Thankfully, the issue appears moot.

Here endeth the rant.

When government should not run like a business.

I’ve just heard that Florida’s wonderful education system pays it’s new top education post more than any other state, and 33% more than the top Federal education post. Many state employees I know fantasize about being a federal employee, and the higher pay and better benefits that come with it. I guess our Education chief does not share those fantasies. Further, I’ve heard that after incentives, the top Florida post will increase more than 33% next year to approximately $400,000.00 per year. This is a state government job? I didn’t think our pay grades went that high. (Maybe they don’t, maybe the normal rules don’t apply.) Now consider that starting teachers average somewhere between $20,000 and $25,000 per year. Consider that one of the reasons our current governor gives for not supporting a maximum class size initiative is that state government will not be able to afford all of the extra teachers we would need to hire. Now we turn around and spend an absurd amount of money on an education “CEO.”

I love this state.

Where’s the vision?

Do “we the people” reward politicians with simplest messages? Call me a cynic, but I think “we” do. It seems that if an idea can’t be summed up in a thirty second T.V spot it’ doesn’t have a chance in hell of holding up in the public “debate”. How often have you noticed that embracing the complex side of an issue = loosing the battle of public opinion.

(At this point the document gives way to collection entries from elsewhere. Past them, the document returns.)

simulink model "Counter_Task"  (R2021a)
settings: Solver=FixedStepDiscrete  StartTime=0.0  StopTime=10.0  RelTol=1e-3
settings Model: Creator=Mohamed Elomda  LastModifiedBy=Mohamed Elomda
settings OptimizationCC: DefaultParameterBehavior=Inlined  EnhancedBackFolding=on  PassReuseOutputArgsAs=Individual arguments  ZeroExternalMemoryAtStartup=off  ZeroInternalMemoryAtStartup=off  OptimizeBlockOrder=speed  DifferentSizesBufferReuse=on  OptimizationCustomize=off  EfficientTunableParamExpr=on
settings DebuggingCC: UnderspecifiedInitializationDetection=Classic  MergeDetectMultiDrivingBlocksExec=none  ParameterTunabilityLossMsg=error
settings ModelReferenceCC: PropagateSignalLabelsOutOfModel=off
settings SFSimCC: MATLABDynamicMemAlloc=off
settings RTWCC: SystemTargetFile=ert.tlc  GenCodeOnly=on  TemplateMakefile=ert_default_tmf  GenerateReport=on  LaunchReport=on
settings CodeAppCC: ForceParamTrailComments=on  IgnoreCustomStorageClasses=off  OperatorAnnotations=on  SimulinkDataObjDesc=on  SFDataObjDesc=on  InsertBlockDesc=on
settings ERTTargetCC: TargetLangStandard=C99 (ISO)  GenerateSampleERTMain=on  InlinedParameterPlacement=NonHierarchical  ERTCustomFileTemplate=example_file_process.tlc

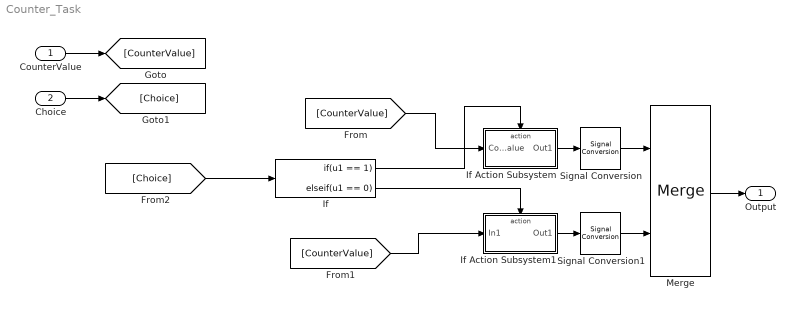
== system Counter_Task ==
  CounterValue : Inport
  Choice : Inport  Port=2
  If : If  IfExpression=u1 == 1  ElseIfExpressions=u1 == 0  ShowElse=off
  If Action Subsystem : Subsystem  TreatAsAtomicUnit=on
  If Action Subsystem1 : Subsystem  TreatAsAtomicUnit=on
  Merge : Merge
  Signal Conversion : SignalConversion  OverrideOpt=off
  Signal Conversion1 : SignalConversion  OverrideOpt=off
  Output : Outport
  wires:
  CounterValue/1 -> [CounterValue]
  If/1 -> If Action Subsystem/Action
  [Choice] -> If/1
  Signal Conversion1/1 -> Merge/2
  Signal Conversion/1 -> Merge/1
  [CounterValue] -> If Action Subsystem/1(CountValue)
  [CounterValue] -> If Action Subsystem1/1(In1)
  If Action Subsystem/1(Out1) -> Signal Conversion/1
  If Action Subsystem1/1(Out1) -> Signal Conversion1/1
  Choice/1 -> [Choice]
  If/2 -> If Action Subsystem1/Action
  Merge/1 -> Output/1

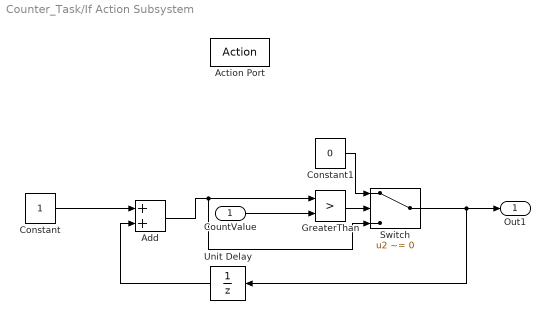
== system Counter_Task/If Action Subsystem ==
  CountValue : Inport
  Action Port : ActionPort  ActionPortLabel=if(u1 == 1)
  Add : Sum
  Constant : Constant
  Constant1 : Constant  Value=0
  GreaterThan : RelationalOperator  Operator=>  OutDataTypeStr=boolean  RndMeth=Simplest
  Switch : Switch  Criteria=u2 ~= 0
  Unit Delay : UnitDelay  InitialCondition=-1  SampleTime=-1  HasFrameUpgradeWarning=on
  Out1 : Outport
  wires:
  Constant/1 -> Add/1
  Unit Delay/1 -> Add/2
  Add/1 -> Switch/3, GreaterThan/1
  GreaterThan/1 -> Switch/2
  Switch/1 -> Unit Delay/1, Out1/1
  Constant1/1 -> Switch/1
  CountValue/1 -> GreaterThan/2

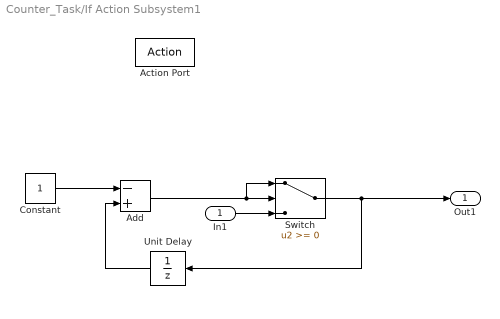
== system Counter_Task/If Action Subsystem1 ==
  In1 : Inport
  Action Port : ActionPort  ActionPortLabel=elseif(u1 == 0)
  Add : Sum  Inputs=-+
  Constant : Constant
  Switch : Switch
  Unit Delay : UnitDelay  SampleTime=-1  HasFrameUpgradeWarning=on
  Out1 : Outport
  wires:
  Constant/1 -> Add/1
  Unit Delay/1 -> Add/2
  Add/1 -> Switch/1, Switch/2
  In1/1 -> Switch/3
  Switch/1 -> Unit Delay/1, Out1/1

In my humble opinion, the republican party has done a much better job framing their issues in the simplest terms over the last ten years. I am not a member of the republican party, so this distresses me. My problem is that my rationale can’t be summed up in thirty seconds. Even worse, the democratic party rarely rallies behind one unified message, not when it comes to meaningful legislation anyway. I guess history has taught them not to. Look at the push for universal healthcare in the early ’90’s. Can you say ’94 midterms? The unfortunate result has been a democratic party that stands for nothing but nay saying. I’m ready for a democrat with a healthy dose of “substance-saying”. Painting the democratic party with such a broad brush may not be fair, but I come from a county and a state that is fairly republican, so I have no intimate knowledge of democrats at the local level. I can only speak for our leaders at the national level, and I must lament that no one seems to be speaking for me.

Are you ready for a war?

The other day someone asked me what I thought about a possible armed conflict with Iraq. Like my coworker, I don’t really know what to think. What bothers me is, why is this suddenly so important now? As I understand it, the arguments being used for going to war have been valid for five or six years. You might say it’s different now with a new administration. In other words, it was important five years ago, but the last president was a “dove.” But if that’s so, why wasn’t it an issue in the campaign or a priority immediately after the new president took office? You could say that things changed after last September, but I haven’t heard the administration make a case for tying the two together. So if there is no real tie between the two, and there are no new reasons for doing it, I ask you again: why now? Give me a reason, any good reason and I’ll feel better about it. No one I’ve heard who has some knowledge of the situation, other than spokespersons for the current administration, seem to feel that it is critical that we invade now. So why now?


Do you remember where you were one year ago, when you found out? I was in court, in front of our child support hearings officer in St. Pete. I remember the tone his computer made to alert him of an incoming mail message. That tone gave everyone in the court room a ten second advance warning before each news release. It was a long morning, with a lot of interruptions and a lot of PC alert sounds.